:: Assignment ::
Repeat each entry exactly and drop the pictures.

BEGIN Task inputs

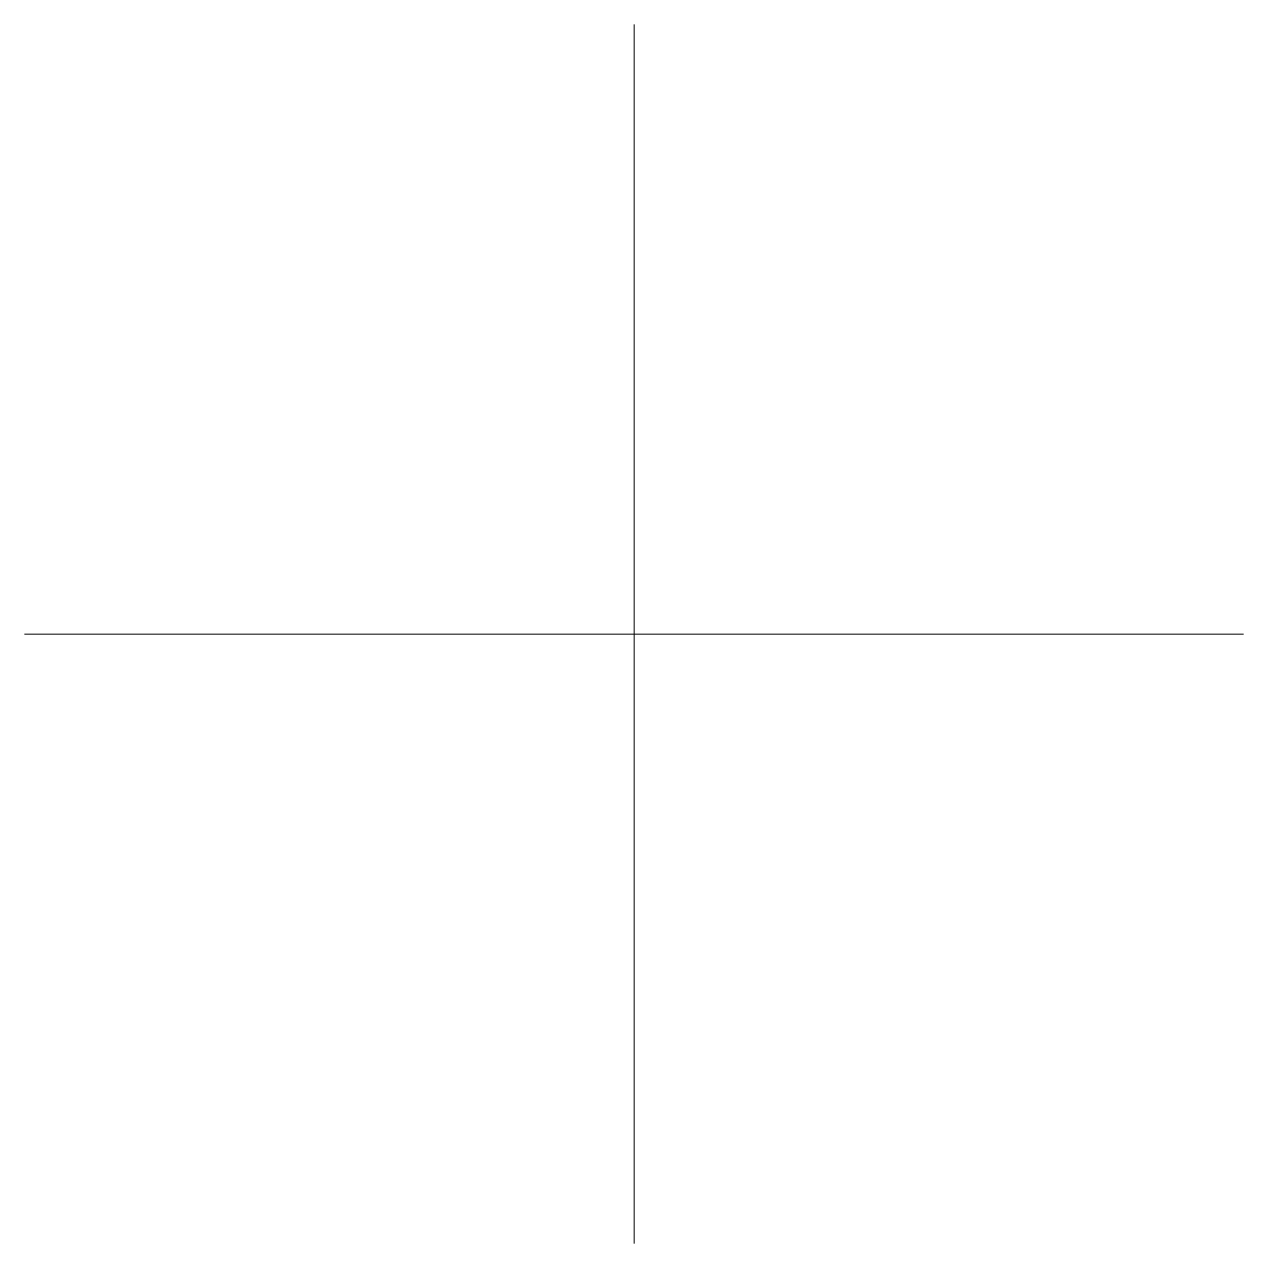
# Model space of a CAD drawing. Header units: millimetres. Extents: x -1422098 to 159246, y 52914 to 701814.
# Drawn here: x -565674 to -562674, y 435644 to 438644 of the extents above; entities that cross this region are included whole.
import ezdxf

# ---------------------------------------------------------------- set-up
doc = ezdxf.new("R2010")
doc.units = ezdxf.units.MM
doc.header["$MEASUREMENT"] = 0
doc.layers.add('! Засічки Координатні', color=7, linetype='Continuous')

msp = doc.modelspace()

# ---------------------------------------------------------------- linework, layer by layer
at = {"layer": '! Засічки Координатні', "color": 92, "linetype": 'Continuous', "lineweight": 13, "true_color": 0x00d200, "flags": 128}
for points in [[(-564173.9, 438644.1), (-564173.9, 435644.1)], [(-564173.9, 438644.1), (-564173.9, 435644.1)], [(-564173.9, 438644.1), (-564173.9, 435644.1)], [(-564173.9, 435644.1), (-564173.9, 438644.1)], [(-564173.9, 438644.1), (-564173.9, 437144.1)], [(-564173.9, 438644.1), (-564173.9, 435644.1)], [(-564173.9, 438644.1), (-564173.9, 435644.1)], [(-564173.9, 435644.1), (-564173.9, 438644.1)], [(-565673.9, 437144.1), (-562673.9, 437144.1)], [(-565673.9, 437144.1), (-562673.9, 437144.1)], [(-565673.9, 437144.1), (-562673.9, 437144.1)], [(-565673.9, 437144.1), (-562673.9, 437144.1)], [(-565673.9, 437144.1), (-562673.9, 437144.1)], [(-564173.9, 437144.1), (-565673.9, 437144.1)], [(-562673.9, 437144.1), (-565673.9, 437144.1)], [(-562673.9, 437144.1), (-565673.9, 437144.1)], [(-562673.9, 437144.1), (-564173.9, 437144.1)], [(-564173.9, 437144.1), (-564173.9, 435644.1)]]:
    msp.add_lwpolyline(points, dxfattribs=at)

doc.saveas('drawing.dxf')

END Task inputs

:: Your response ::
# Model space of a CAD drawing. Header units: millimetres. Extents: x -1422098 to 159246, y 52914 to 701814.
# Drawn here: x -565674 to -562674, y 435644 to 438644 of the extents above; entities that cross this region are included whole.
import ezdxf

# ---------------------------------------------------------------- set-up
doc = ezdxf.new("R2010")
doc.units = ezdxf.units.MM
doc.header["$MEASUREMENT"] = 0
doc.layers.add('! Засічки Координатні', color=7, linetype='Continuous')

msp = doc.modelspace()

# ---------------------------------------------------------------- linework, layer by layer
at = {"layer": '! Засічки Координатні', "color": 92, "linetype": 'Continuous', "lineweight": 13, "true_color": 0x00d200, "flags": 128}
for points in [[(-564173.9, 438644.1), (-564173.9, 435644.1)], [(-564173.9, 438644.1), (-564173.9, 435644.1)], [(-564173.9, 438644.1), (-564173.9, 435644.1)], [(-564173.9, 435644.1), (-564173.9, 438644.1)], [(-564173.9, 438644.1), (-564173.9, 437144.1)], [(-564173.9, 438644.1), (-564173.9, 435644.1)], [(-564173.9, 438644.1), (-564173.9, 435644.1)], [(-564173.9, 435644.1), (-564173.9, 438644.1)], [(-565673.9, 437144.1), (-562673.9, 437144.1)], [(-565673.9, 437144.1), (-562673.9, 437144.1)], [(-565673.9, 437144.1), (-562673.9, 437144.1)], [(-565673.9, 437144.1), (-562673.9, 437144.1)], [(-565673.9, 437144.1), (-562673.9, 437144.1)], [(-564173.9, 437144.1), (-565673.9, 437144.1)], [(-562673.9, 437144.1), (-565673.9, 437144.1)], [(-562673.9, 437144.1), (-565673.9, 437144.1)], [(-562673.9, 437144.1), (-564173.9, 437144.1)], [(-564173.9, 437144.1), (-564173.9, 435644.1)]]:
    msp.add_lwpolyline(points, dxfattribs=at)

doc.saveas('drawing.dxf')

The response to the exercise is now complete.